After some Sturm und Drang, the markets have now returned to their October 1st levels. Momentum has come back into vogue, with sector rotation – and a bit of short covering – driving equities. Given the big move off of the October bottom, we would expect the market to begin consolidating the recent gains.
A little backing and filling would be healthy, as would a modest test of the of last week’s pop. Indeed, the chart watchers amongst you might also take note of the several gaps formed recently. Historically, these are best filled before the next leg up can begin in earnest.

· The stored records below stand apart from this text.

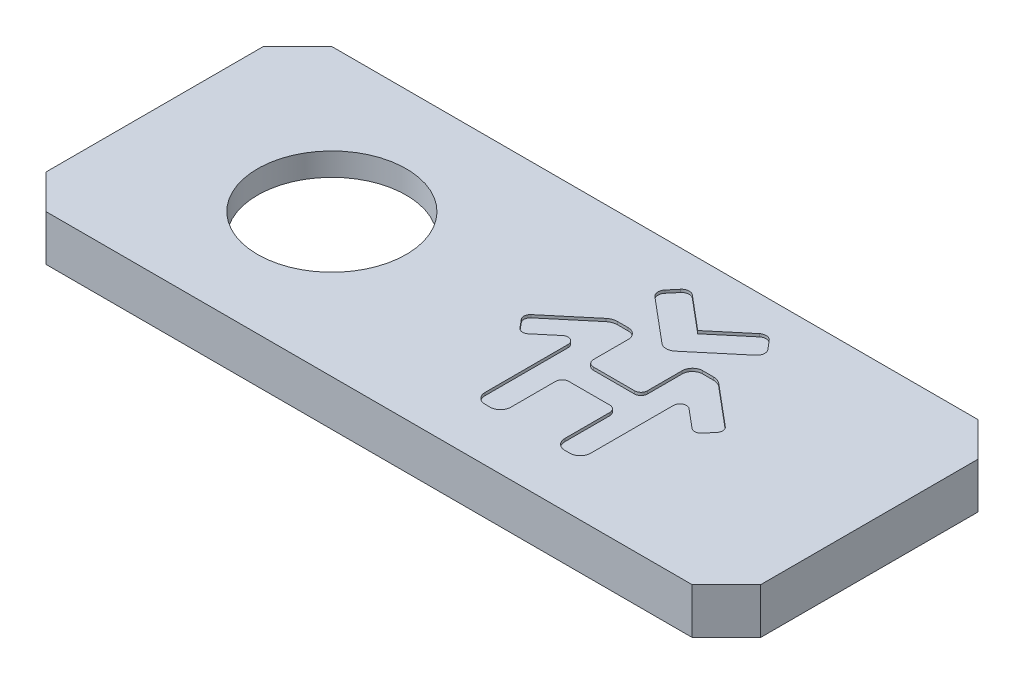
SolidWorks part; units mm, degrees
ref_plane "Спереди" through (0, 0, 0) normal (0, 0, 1) x (1, 0, 0)
ref_plane "Сверху" through (0, 0, 0) normal (0, 1, 0) x (1, 0, 0)
ref_plane "Справа" through (0, 0, 0) normal (1, 0, 0) x (0, 0, -1)
sketch "Эскиз1" plane through (0, 0, 0) normal (0, 1, 0) x (1, 0, 0)
  line L0 (25.8931, 8.2346) -> (-15.6069, 8.2346)
  line L1 (-15.0089, -13.7654) -> (26.4911, -13.7654)
  line L2 (-24.9069, -8.7654) -> (-15.0089, -13.7654)
  line L3 (35.5931, -12.2654) -> (35.5931, 6.7346)
  line L4 (35.5931, 6.7346) -> (32.5931, 9.7346)
  line L5 (32.5931, 9.7346) -> (-23.9069, 9.7346)
  line L6 (-23.9069, 9.7346) -> (-26.9069, 6.7346)
  line L7 (-26.9069, 6.7346) -> (-26.9069, -12.2654)
  line L8 (-26.9069, -12.2654) -> (-23.9069, -15.2654)
  line L9 (-23.9069, -15.2654) -> (32.5931, -15.2654)
  line L10 (32.5931, -15.2654) -> (35.5931, -12.2654)
  line L11 (-24.9069, 2.2346) -> (-24.9069, -8.7654)
  line L12 (-15.6069, 8.2346) -> (-24.9069, 2.2346)
  line L14 (26.4911, -13.7654) -> (33.5931, -10.2654)
  line L15 (33.5931, -10.2654) -> (33.5931, 4.7346)
  line L16 (33.5931, 4.7346) -> (32.5963, 5.1877)
  line L17 (30.1447, 6.3021) -> (25.8931, 8.2346)
  circle A0 centre (-22.9069, -11.7654) radius 1.45
  arc A1 (32.5963, 5.1877) -> (30.1447, 6.3021) centre (31.5931, 6.2346) ccw
extrude "Бобышка-Вытянуть1" add sketch "Эскиз1" along normal blind 2
sketch "Эскиз2" plane through (0, 2, 0) normal (0, 1, 0) x (1, 0, 0)
  line L8 (32.5931, -15.2654) -> (35.5931, -12.2654)
  line L9 (35.5931, -12.2654) -> (35.5931, 6.7346)
  line L10 (35.5931, 6.7346) -> (32.5931, 9.7346)
  line L11 (32.5931, 9.7346) -> (-23.9069, 9.7346)
  line L12 (-23.9069, 9.7346) -> (-26.9069, 6.7346)
  line L13 (-26.9069, 6.7346) -> (-26.9069, -12.2654)
  line L14 (-26.9069, -12.2654) -> (-23.9069, -15.2654)
  line L15 (-23.9069, -15.2654) -> (32.5931, -15.2654)
  line L16 (32.5931, -15.2654) -> (35.5931, -12.2654)
  line L17 (35.5931, -12.2654) -> (35.5931, 6.7346)
  line L18 (35.5931, 6.7346) -> (32.5931, 9.7346)
  line L19 (32.5931, 9.7346) -> (-23.9069, 9.7346)
  line L20 (-23.9069, 9.7346) -> (-26.9069, 6.7346)
  line L21 (-26.9069, 6.7346) -> (-26.9069, -12.2654)
  line L22 (-26.9069, -12.2654) -> (-23.9069, -15.2654)
  line L23 (-23.9069, -15.2654) -> (32.5931, -15.2654)
  dimension "D1" = 0
extrude "Бобышка-Вытянуть2" add sketch "Эскиз2" along normal blind 2
sketch "Эскиз3" plane through (0, 4, 0) normal (0, 1, 0) x (1, 0, 0)
  line L0 (32.5931, 9.7346) -> (-23.9069, 9.7346) construction
  line L1 (-26.9069, 6.7346) -> (-26.9069, -12.2654) construction
  circle A0 centre (-11.4069, -2.7654) radius 6.5
  dimension "D3" = 13
  dimension "D1" = 12.5
  dimension "D2" = 15.5
extrude "Вырез-Вытянуть1" cut sketch "Эскиз3" against normal blind 2
sketch "Эскиз4" plane through (0, 2, 0) normal (0, -1, 0) x (1, 0, 0)
  circle A0 centre (31.5931, -6.2346) radius 1.45
  circle A1 centre (-22.9069, 11.7654) radius 1.45
  circle A2 centre (-22.9069, 11.7654) radius 1.45
  arc A3 (30.1447, -6.3021) -> (32.5963, -5.1877) centre (31.5931, -6.2346) ccw construction
  dimension "D1" = 0
extrude "Вырез-Вытянуть2" cut sketch "Эскиз4" against normal blind 1
sketch "Эскиз5" plane through (0, 4, 0) normal (0, 1, 0) x (1, 0, 0)
  line L0 (8.9806, -2.501) -> (8.9806, -9.7584)
  line L1 (9.8806, -10.6584) -> (10.3306, -10.6584)
  line L2 (11.2306, -9.7584) -> (11.2306, -5.8279)
  line L3 (11.7931, -5.2654) -> (15.3931, -5.2654)
  line L4 (9.3901, 1.4016) -> (10.3306, 1.4016)
  line L5 (11.2306, 0.5016) -> (11.2306, -2.5359)
  line L6 (13.5931, -451.9609) -> (13.5931, 22048.0391) construction
  line L7 (11.7931, -3.0984) -> (15.3931, -3.0984)
  line L8 (8.6669, 1.1384) -> (5.1025, -1.8525)
  line L9 (5.0332, -2.6449) -> (5.6377, -3.3654)
  line L10 (6.4302, -3.4348) -> (8.0565, -2.0701)
  line L11 (20.756, -3.4348) -> (19.1297, -2.0701)
  line L12 (22.153, -2.6449) -> (21.5485, -3.3654)
  line L13 (18.5193, 1.1384) -> (22.0837, -1.8525)
  line L14 (15.9556, 0.5016) -> (15.9556, -2.5359)
  line L15 (17.7961, 1.4016) -> (16.8556, 1.4016)
  line L16 (15.9556, -9.7584) -> (15.9556, -5.8279)
  line L17 (17.3056, -10.6584) -> (16.8556, -10.6584)
  line L18 (18.2056, -2.501) -> (18.2056, -9.7584)
  line L19 (13.5931, 4.2263) -> (10.665, 6.6833)
  line L20 (9.714, 6.6001) -> (9.088, 5.854)
  line L21 (9.1712, 4.9031) -> (13.0146, 1.6781)
  line L22 (18.015, 4.9031) -> (14.1716, 1.6781)
  line L23 (13.5931, 4.2263) -> (16.5212, 6.6833)
  line L24 (17.4722, 6.6001) -> (18.0982, 5.854)
  line L25 (35.5931, -12.2654) -> (35.5931, 6.7346) construction
  line L26 (-23.9069, -15.2654) -> (32.5931, -15.2654) construction
  arc A0 (8.9806, -9.7584) -> (9.8806, -10.6584) centre (9.8806, -9.7584) ccw
  arc A1 (10.3306, -10.6584) -> (11.2306, -9.7584) centre (10.3306, -9.7584) ccw
  arc A2 (11.2306, 0.5016) -> (10.3306, 1.4016) centre (10.3306, 0.5016) ccw
  arc A3 (9.3901, 1.4016) -> (8.6669, 1.1384) centre (9.3901, 0.2766) ccw
  arc A4 (11.7931, -5.2654) -> (11.2306, -5.8279) centre (11.7931, -5.8279) ccw
  arc A5 (11.7931, -3.0984) -> (11.2306, -2.5359) centre (11.7931, -2.5359) cw
  arc A6 (8.9806, -2.501) -> (8.0565, -2.0701) centre (8.4181, -2.501) ccw
  arc A7 (6.4302, -3.4348) -> (5.6377, -3.3654) centre (6.0686, -3.0039) cw
  arc A8 (5.1025, -1.8525) -> (5.0332, -2.6449) centre (5.4641, -2.2834) ccw
  arc A9 (22.0837, -1.8525) -> (22.153, -2.6449) centre (21.7221, -2.2834) cw
  arc A10 (20.756, -3.4348) -> (21.5485, -3.3654) centre (21.1176, -3.0039) ccw
  arc A11 (18.2056, -2.501) -> (19.1297, -2.0701) centre (18.7681, -2.501) cw
  arc A12 (15.3931, -3.0984) -> (15.9556, -2.5359) centre (15.3931, -2.5359) ccw
  arc A13 (15.3931, -5.2654) -> (15.9556, -5.8279) centre (15.3931, -5.8279) cw
  arc A14 (17.7961, 1.4016) -> (18.5193, 1.1384) centre (17.7961, 0.2766) cw
  arc A15 (15.9556, 0.5016) -> (16.8556, 1.4016) centre (16.8556, 0.5016) cw
  arc A16 (16.8556, -10.6584) -> (15.9556, -9.7584) centre (16.8556, -9.7584) cw
  arc A17 (18.2056, -9.7584) -> (17.3056, -10.6584) centre (17.3056, -9.7584) cw
  arc A18 (9.1712, 4.9031) -> (9.088, 5.854) centre (9.6051, 5.4201) cw
  arc A19 (10.665, 6.6833) -> (9.714, 6.6001) centre (10.2311, 6.1662) ccw
  arc A20 (16.5212, 6.6833) -> (17.4722, 6.6001) centre (16.9551, 6.1662) cw
  arc A21 (18.015, 4.9031) -> (18.0982, 5.854) centre (17.5811, 5.4201) ccw
  arc A22 (14.1716, 1.6781) -> (13.0146, 1.6781) centre (13.5931, 2.3675) cw
  point P35 (13.5931, -5.2654)
  point P36 (13.5931, -3.0984)
  point P61 (16.9326, -1.414)
  point P62 (10.3736, -2.2984)
  point P63 (10.3736, -4.4584)
  point P64 (12.6236, 2.2016)
  point P65 (10.3736, 2.2016)
  point P66 (10.3736, -9.8584)
  point P67 (12.6236, -9.8584)
  point P79 (10.7015, 7.2838)
  point P80 (12.1478, 5.5602)
  dimension "D3" = 0.9
  dimension "D4" = 1.125
  dimension "D6" = 0.675
  dimension "D7" = 0.9
  dimension "D8" = 0.5625
  dimension "D1" = 2.3625
  dimension "D2" = 50
  dimension "D5" = 50
  dimension "D9" = 22
  dimension "D10" = 2.3239
  dimension "D11" = 10
  dimension "D12" = 2.167
  dimension "D13" = 7.3247
  dimension "D14" = 3.0375
  dimension "D15" = 2.25
  dimension "D16" = 2.0655
  dimension "D17" = 2.123
  dimension "D18" = 4.653
extrude "Вырез-Вытянуть3" cut sketch "Эскиз5" against normal blind 0.25

Once the present period of consolidation is resolved, the markets can set their sights higher. With a little luck – and perhaps with less sturm and milder drang – we can return to the levels last seen in March 2005, when the Dow was spitting distance from 11,000.
Where does this leave us? Shorter term, the most recent rally was mostly a technical bounce off of oversold levels. Sometime between now and Thanksgiving, we contemplate a continuation of this move upwards into 2005 years end.
Notwithstanding our recent Bullishness, we remain uneasy about the market’s longer-term prospects. The lack of traction in the face of good earnings, increased dividends, and huge buybacks is certainly disconcerting. The Market is still only where it was back on August 2001. To paraphrase Jeff Saut, despite 14 straight quarters of double-digit earnings growth, the S&P 500 has gone virtually nowhere for 3½ years.
This multi-year consolidation will eventually break. The resolution of this is likely to be a major move on the indices, one way or the other. Some strategists are hoping that the positives cited above, and the recent Dow Transport breakout, will lead to a big upside surprise. They hope it might set off a new multi-year Bull cycle.
I am less sanguine, keying on the slowing economy, rising inflation, declining Real Wages, creeping interest rates, high energy prices, negative consumer sentiment, mediocre hiring and anemic CapEx (yes, I know, I am a ray of sunshine).
While those issues may govern the markets in 2006, we find that many asset managers are more concerned with what will occur over the next 8 weeks. To that crowd, we suggest buying the dips as the SPX pulls back towards 1195-1200.
phil jackson was on morning talk show radio in chicago
phil was not very sturm und drang
The S&P, Dow, and Small Cap indexes are currenty trading at around 14-16 times earnings. That’s not low by historical standards, but it’s not sky high, either. Assuming the earnings picture remains about the same, what’s going to push that multiple higher so that the market shoots upward?
Yes, “ray of sunshine”, the fundamentals don’t look encouraging and yet due to your invincible faith or self luminescence, the prospect of a short term rally can be entertained.
Like the rise on that ski jump maybe, there may be opportunties for the sharp and swift, before that sizeable correction.